Três coisas não saem da minha cabeça quando penso nesse novo fenómeno da federalização da capoeira por aqui. Primeiro, me lembro dos meus mestres, e das diversas histórias que tive a chance de ouvir e aprender deles. Por exemplo, el@s contavam como era ser aluno do Mestre Moraes, de como se aprende até nas gotículas de suor que o corpo transpira. E de como somente depois de bons 20 anos desse aprendizado na capoeira é que alguém consegue segurar a mandinga de ser contramestre. E haja mandinga, porque ser considerado mestre (ou contramestre) não é o objetivo final. Antes pelo contrário, trata-se do início. Início da sua verdadeira responsabilidade com a capoeira, da sua verdadeira batalha pelos valores e fundamentos que dela emanam.
Segundo, eu me lembro da célebre frase do Mestre João Pequeno, quando foi perguntado o que faz um mestre de capoeira: “quem faz o mestre são os alunos!” (pra quem não sabe dessa história, vale a pena ler este post do treinel Haroldo, do Nzinga, no seu Blog do Treinéu). Ora, como o meu mestre pode ser meu mestre se não foi eu que o formei? Se não fui eu quem escolhi e ajudei a desenvolver suas filosofias, seus pensamentos? Como eu posso comer o fruto sem ter plantado a árvore?
Terceiro, penso em árvores, frutos e sementes. Vamos pensar nessa metáfora onde os grupos de capoeira são árvores que dão frutos. O Nzinga Maputo, por exemplo, é um fruto da árvore que é o Nzinga. Quando falamos de federações a coisa fica ainda mais complicada: se eu sou federado a um conjunto de grupos de capoeira, e tenho nesse conjunto a minha referência, meu guia; então de que árvore é que sou fruto? De nenhuma… Ou melhor, de um conjunto de árvores, cujos frutos podem ser cocos, goiabas ou cajus. Há um sério problema de identidade, de família, de reconhecimento aí. Não sou fruto de uma árvore, mas de um conjunto de árvores… Mas afinal, sou coco, caju ou goiaba? Aiaiai complicado né? Pois, é essa complicação que muitos grupos da África Austral escolheram pra si.
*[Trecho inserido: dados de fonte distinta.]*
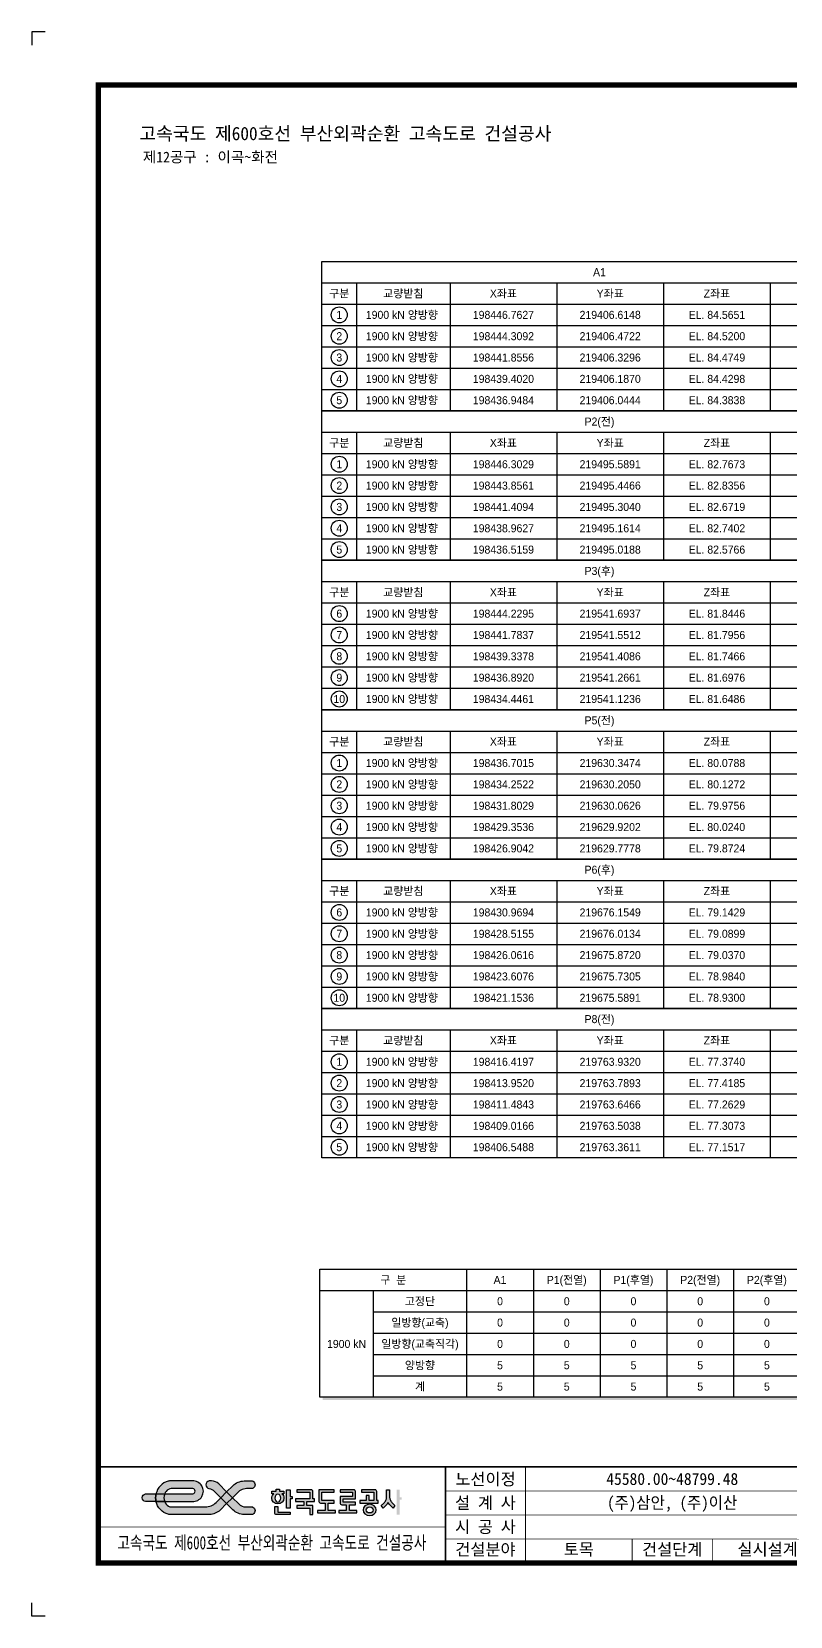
# Model space of a CAD drawing. Header units: feet. Extents: x 0 to 252300, y 0 to 178200.
# Drawn here: x 0 to 85269, y 0 to 178200 of the extents above; entities that cross this region are included whole.
import ezdxf
from ezdxf.enums import TextEntityAlignment as Align

# ---------------------------------------------------------------- set-up
doc = ezdxf.new("R2010")
doc.units = ezdxf.units.FT
doc.header["$LTSCALE"] = 3000
doc.header["$MEASUREMENT"] = 0
doc.layers.get('0').update_dxf_attribs({"linetype": 'CONTINUOUS'})
for name, color, linetype in [('CS-TABL-LIN2', 1, 'CONTINUOUS'), ('CS-TABL-TEX2', 3, 'CONTINUOUS'), ('CX-BORD', 3, 'CONTINUOUS'), ('CX-BORD-LIN1', 4, 'CONTINUOUS'), ('CX-BORD-LIN2', 3, 'CONTINUOUS'), ('CX-BORD-TEX2', 7, 'CONTINUOUS'), ('CX-BORD-TEX3', 6, 'CONTINUOUS'), ('CX-MISC', 2, 'CONTINUOUS')]:
    doc.layers.add(name, color=color, linetype=linetype)
doc.styles.add('A_STANDARD', font='')
doc.styles.add('TB_TEXT', font='')
doc.styles.add('TB_WBTXT', font='')
doc.styles.add('TB_WMTXT', font='')
doc.styles.get('A_STANDARD').set_extended_font_data('Dotum')
doc.styles.get('TB_TEXT').set_extended_font_data('DotumChe')
doc.styles.get('TB_WBTXT').set_extended_font_data('Dotum')
doc.styles.get('TB_WMTXT').set_extended_font_data('DotumChe')

# ---------------------------------------------------------------- blocks, each defined once
blk = doc.blocks.new('CXGLOGO-EX흑백')
h = blk.add_hatch(color=256)
h.paths.add_polyline_path([(12.62751094235613, 2.929722186557417), (13.9368577347384, 2.929722186557417, 0.1307849617648099), (14.19642449557114, 2.998798575681949, 0.5686079760781465), (14.23263349965494, 5.183221859397701, 0.1392232935838704), (13.9581907729968, 5.261149990701703), (11.43317010715378, 5.261149990701703, 0.1989123673796241), (7.88820811080587, 3.792778653716674), (5.962135003345992, 1.866705546256785), (7.789912781123938, 0.03892776847906987), (9.30410907077998, 1.553124058134753, -0.198912367379616)])
h.paths.add_polyline_path([(5.962135003346347, -1.78885000929877), (4.134357225567967, 0.03892776847900947), (2.638733131771026, -1.456696325318649, -0.1989123673796836), (-0.684668739806078, -2.833294453742262), (-11.36204881219041, -2.833294453742742, -0.149968192877195), (-12.240743962647, -2.563678008654669, -0.1491631919188299), (-13.39334849004342, -1.136072231520988), (-16.10175388554254, -1.136072231520988, 0.2784029190241507), (-12.27306911128629, -5.129271465237487, 0.06593867059308692), (-11.86520449236982, -5.183294453743216), (0.6208868157490102, -5.183294453742739, 0.198912367379658), (3.944288687325745, -3.806696325319599)])
h.paths.add_polyline_path([(-16.10175388554255, 1.213927768479007), (-19.36564277443144, 1.213927768479007, 0.8888888888888873), (-19.36564277443144, -1.136072231520991), (-16.10175388554254, -1.136072231520988, -0.1111111111111106)])
h.paths.add_polyline_path([(-11.36204881233854, 2.911149990701738), (-4.683161640971832, 2.911149990701997, -0.05755858726109904), (-4.564116577129639, 2.897400306733786, -0.792918256256352), (-4.564116577139849, 1.227677452445754, -0.05755858725611351), (-4.683161640971733, 1.21392776847901), (-13.39334849004398, 1.213927768479618, 0.1939147573995261), (-13.39334849004318, -1.136072231520991), (-4.743420552209216, -1.136072231520991, 1.071754271161691), (-4.743420552209216, 5.261149990701231), (-11.86520449236982, 5.261149990702183, 0.06593867059316338), (-12.27306911128352, 5.207127002196302, 0.2784029190242539), (-16.10175388554237, 1.21392776847981), (-13.39334849004398, 1.213927768479621, -0.1491631919192471), (-12.2407439626433, 2.641533545616181, -0.1499681928522188)])
h = blk.add_hatch(color=256)
h.paths.add_polyline_path([(3.485422644516419, 4.34341790508612, 0.1989123673796671), (1.269821396798442, 5.261149990701703), (0.4788016700130058, 5.261149990701703, 0.8338075771048155), (0.3771781799719207, 2.929722186557356, -0.177326263149743), (2.179867088961466, 1.993417905085643), (4.134357225568095, 0.03892776847887802), (5.962135003345992, 1.866705546256789)])
h.paths.add_polyline_path([(9.744402917729097, -1.915562368126679), (7.789912781123888, 0.03892776847899881), (5.96213500334634, -1.788850009298766), (7.888208110807184, -3.714923116759131, 0.198912367379553), (11.43317010715388, -5.183294453743692), (13.93853492596422, -5.183294453744644, 0.1292187291636897), (14.19530503372277, -5.115808595962658, 0.6043190588004438), (14.12747900538948, -2.886014569746202, 0.1137896329467328), (13.89882244722792, -2.833294453742262), (11.96000416544708, -2.833294453742262, -0.1989123673796783)])
h = blk.add_hatch(color=256)
h.paths.add_polyline_path([(5.962135003345985, 1.866705546256785), (4.134357225568095, 0.03892776847887802), (5.962135003346347, -1.788850009298773), (7.789912781123952, 0.03892776847906987)])
h.paths.add_polyline_path([(-13.39334849004398, 1.213927768479621), (-16.10175388554237, 1.21392776847981, 0.1111111111111885), (-16.10175388554254, -1.136072231520988), (-13.39334849004318, -1.136072231520988, -0.1939147573995261)])
h = blk.add_hatch(color=256)
edge = h.paths.add_edge_path()
edge.add_line((55.90553287691766, 2.4960983163664), (56.85552189184581, 2.496098316366446))
edge.add_line((56.85552189184581, 2.496098316366446), (56.85552189184592, 0.09215457618536149))
edge.add_arc((58.53363057762468, 0.09215457618543929), 1.67810868577876, 180.0000000000026, 195.4083540198517)
edge.add_arc((58.47394244906948, 0.07570436294137084), 1.61619517993231, 195.408354019852, 211.4069923032628)
edge.add_arc((62.72740815851297, 2.672743468727949), 6.599826652904244, 211.4069923032628, 220.884619074014)
edge.add_arc((62.65632922919535, 2.61120635935723), 6.505810537144002, 220.8846190740139, 230.4986055729279)
edge.add_line((58.51800266797031, -2.408736271577236), (57.94523708654083, -3.232545142195342))
edge.add_arc((62.63997685430596, 2.476487192741993), 7.39145666891144, 221.3708019331366, 230.5683267651548, ccw=False)
edge.add_arc((62.86124072826939, 2.671717853347373), 7.686537407580804, 212.5283811307898, 221.3728192081766, ccw=False)
edge.add_arc((49.89982302886737, 2.671711092267167), 7.686526193707074, 318.6271743273925, 327.471625333613, ccw=False)
edge.add_arc((50.12107005378402, 2.476495324059812), 7.391467942165787, 309.4316802638517, 318.62919103786044, ccw=False)
edge.add_line((54.81581768222331, -3.232545142194404), (54.24305210079449, -2.408736271575762))
edge.add_arc((50.16623946446956, 2.548189157142523), 6.418061309895114, 309.4355142588529, 319.1812610942183)
edge.add_arc((49.96136727208684, 2.72553903169074), 6.689032726803259, 319.1787201534786, 328.529668469246)
edge.add_arc((54.2901842034738, 0.07437455166653684), 1.612880450692433, 328.5764598147939, 344.6081938620856)
edge.add_arc((54.23147034857182, 0.09160721386742313), 1.674062617830531, 344.5729121819099, 360.0187337982126)
edge.add_line((55.90553287691779, 0.09215457618600098), (55.90553287691779, 2.4960983163664))
edge = h.paths.add_edge_path()
edge.add_arc((22.07066925838875, -0.0960583075494551), 1.77276644383517, 0.3446861390323761, 51.806537556943795, ccw=False)
edge.add_arc((21.98752086475434, -0.03643316846145372), 1.856528462969702, 268.6390132932114, 358.4888194230754, ccw=False)
edge.add_arc((21.89882706649707, -0.03696230538111067), 1.856011500010981, 181.4952613076245, 271.3769059760447, ccw=False)
edge.add_arc((21.81624874840013, -0.0960910072229415), 1.772833459952195, 128.1945062452658, 179.6542700587555, ccw=False)
edge.add_line((20.72004724334094, 1.297207502441104), (20.04344756338069, 1.297207502441104))
edge.add_line((20.04344756338069, 1.297207502441104), (20.04344756338068, 2.108874533108121))
edge.add_line((20.04344756338068, 2.108874533108121), (21.46843108577289, 2.108874533108121))
edge.add_line((21.46843108577289, 2.108874533108121), (21.4684310857729, 2.754247505206038))
edge.add_line((21.4684310857729, 2.754247505206038), (22.41842010070103, 2.754247505206038))
edge.add_line((22.41842010070103, 2.754247505206038), (22.41842010070103, 2.108874533108121))
edge.add_line((22.41842010070103, 2.108874533108121), (23.84340362309323, 2.108874533108121))
edge.add_line((23.84340362309323, 2.108874533108121), (23.84340362309322, 1.297207502441104))
edge.add_line((23.84340362309322, 1.297207502441104), (23.16680394313298, 1.297207502441104))
h.paths.add_polyline_path([(60.65547795155814, 0.172755616815305), (60.65547795155814, -0.601691949703131), (59.94298619036236, -0.601691949703131), (59.94298619036248, -5.248377348808134), (58.99299717543421, -5.248377348808617), (58.99299717543411, 2.496098316366869), (59.94298619036225, 2.496098316366869), (59.94298619036236, 0.172755616815305)])
edge = h.paths.add_edge_path()
edge.add_line((48.0681235037611, 2.496098316365892), (48.0681235037611, 1.72165074984937))
edge.add_line((48.0681235037611, 1.72165074984937), (51.86807956347353, 1.72165074984937))
edge.add_line((51.86807956347353, 1.72165074984937), (51.86807956347343, -0.8598411385413627))
edge.add_line((51.86807956347343, -0.8598411385413627), (50.44309604108143, -0.8598411385423006))
edge.add_line((50.44309604108143, -0.8598411385423006), (50.44309604108143, 0.6890539944927028))
edge.add_line((50.44309604108143, 0.6890539944927028), (49.4931070261532, 0.6890539944927028))
edge.add_line((49.4931070261532, 0.6890539944927028), (49.49310702615358, -0.8598411385418245))
edge.add_line((49.49310702615358, -0.8598411385418245), (47.59312899629693, -0.8598411385418281))
edge.add_line((47.59312899629693, -0.8598411385418281), (47.59312899629681, -1.634288705059802))
edge.add_line((47.59312899629681, -1.634288705059802), (53.29306308586574, -1.634288705059802))
edge.add_line((53.29306308586574, -1.634288705059802), (53.29306308586574, -0.8598411385413627))
edge.add_line((53.29306308586574, -0.8598411385413627), (52.81806857840155, -0.8598411385413236))
edge.add_line((52.81806857840155, -0.8598411385413236), (52.81806857840178, 1.979799938688487))
edge.add_arc((52.26887129235888, 1.979799938688532), 0.5491972860428973, 359.9999999999953, 400.6008038990672)
edge.add_arc((52.34038266447658, 2.041094338003921), 0.4550119382992583, 40.60080389906705, 89.66109212214847)
edge.add_line((52.3430740709377, 2.496098316366869), (48.0681235037611, 2.496098316367497))
edge = h.paths.add_edge_path()
edge.add_line((41.41820039926384, 2.496098316366869), (41.41820039926394, 1.721650749848898))
edge.add_line((41.41820039926394, 1.721650749848898), (45.21815645897638, 1.721650749848898))
edge.add_line((45.21815645897638, 1.721650749848898), (45.21815645897638, 0.4309048056535367))
edge.add_line((45.21815645897638, 0.4309048056535367), (41.41820039926384, 0.4309048056535367))
edge.add_line((41.41820039926384, 0.4309048056535367), (41.41820039926394, -1.634288705060271))
edge.add_arc((41.96739768530686, -1.634288705060244), 0.5491972860429257, 180.0000000000029, 220.6008038990638)
edge.add_arc((41.89588631318916, -1.695583104375644), 0.4550119382992751, 220.6008038990626, 269.6610921221458)
edge.add_line((41.89319490672801, -2.150587082738607), (43.31817842912, -2.150587082738607))
edge.add_line((43.31817842912, -2.150587082738607), (43.31817842912011, -3.957631404610424))
edge.add_line((43.31817842912011, -3.957631404610424), (40.94320589179998, -3.957631404610424))
edge.add_line((40.94320589179998, -3.957631404610424), (40.94320589179998, -4.732078971128871))
edge.add_line((40.94320589179998, -4.732078971128871), (46.64313998136879, -4.732078971128871))
edge.add_line((46.64313998136879, -4.732078971128871), (46.64313998136893, -3.957631404610897))
edge.add_line((46.64313998136893, -3.957631404610897), (44.26816744404802, -3.957631404609955))
edge.add_line((44.26816744404802, -3.957631404609955), (44.26816744404758, -2.150587082738607))
edge.add_line((44.26816744404758, -2.150587082738607), (46.1681454739045, -2.150587082738134))
edge.add_line((46.1681454739045, -2.150587082738134), (46.1681454739045, -1.376139516220633))
edge.add_line((46.1681454739045, -1.376139516220633), (42.36818941419209, -1.376139516220164))
edge.add_line((42.36818941419209, -1.376139516220164), (42.36818941419209, -0.3435427608644339))
edge.add_line((42.36818941419209, -0.3435427608644339), (46.1681454739045, -0.343542760863965))
edge.add_line((46.1681454739045, -0.343542760863965), (46.16814547390462, 1.979799938688512))
edge.add_arc((45.6189481878617, 1.979799938688539), 0.5491972860429115, 359.9999999999972, 400.6008038990619)
edge.add_arc((45.69045955997943, 2.041094338003941), 0.4550119382992425, 40.60080389906198, 89.6610921221449)
edge.add_line((45.69315096644058, 2.496098316366872), (41.41820039926384, 2.496098316366869))
edge = h.paths.add_edge_path()
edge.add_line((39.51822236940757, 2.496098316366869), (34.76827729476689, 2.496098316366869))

De certa forma, é compreensível: em Moçambique não vive nenhum mestre de capoeira, e os grupos todos (ver este post sobre os grupos de Maputo) batalham pra encontrar alguma referência. Assim, cada vez que vem um mestre, os grupos todos vão aos workshops pra aprender. Compreensível, sim… Mas preocupante também. Afinal, grande parte do aprendizado da capoeira é a compreensão do respeito pelos fundamentos, a continuidade de uma certa linhagem. Se todos os capoeiristas se alimentassem de qualquer mestre que aparece perto deles, a capoeira simplesmente perderia o sentido. Trocaríamos a diversidade tão rica e deliciosa desta arte por uma homogeneização aos moldes de wall-mart. Assustador, não? Pois, de certa forma ando assustado pois parece que é isso é o que está acontecendo por aqui. A tal federação cujo mestre esteve cá já conseguiu angariar pelo menos cinco grupos da África Austral, e tem planos pra ir mais longe. Se pudermos ao menos pensar sobre estes aspectos, estaremos já contribuindo pra salvar a capoeira desse processo grotesco.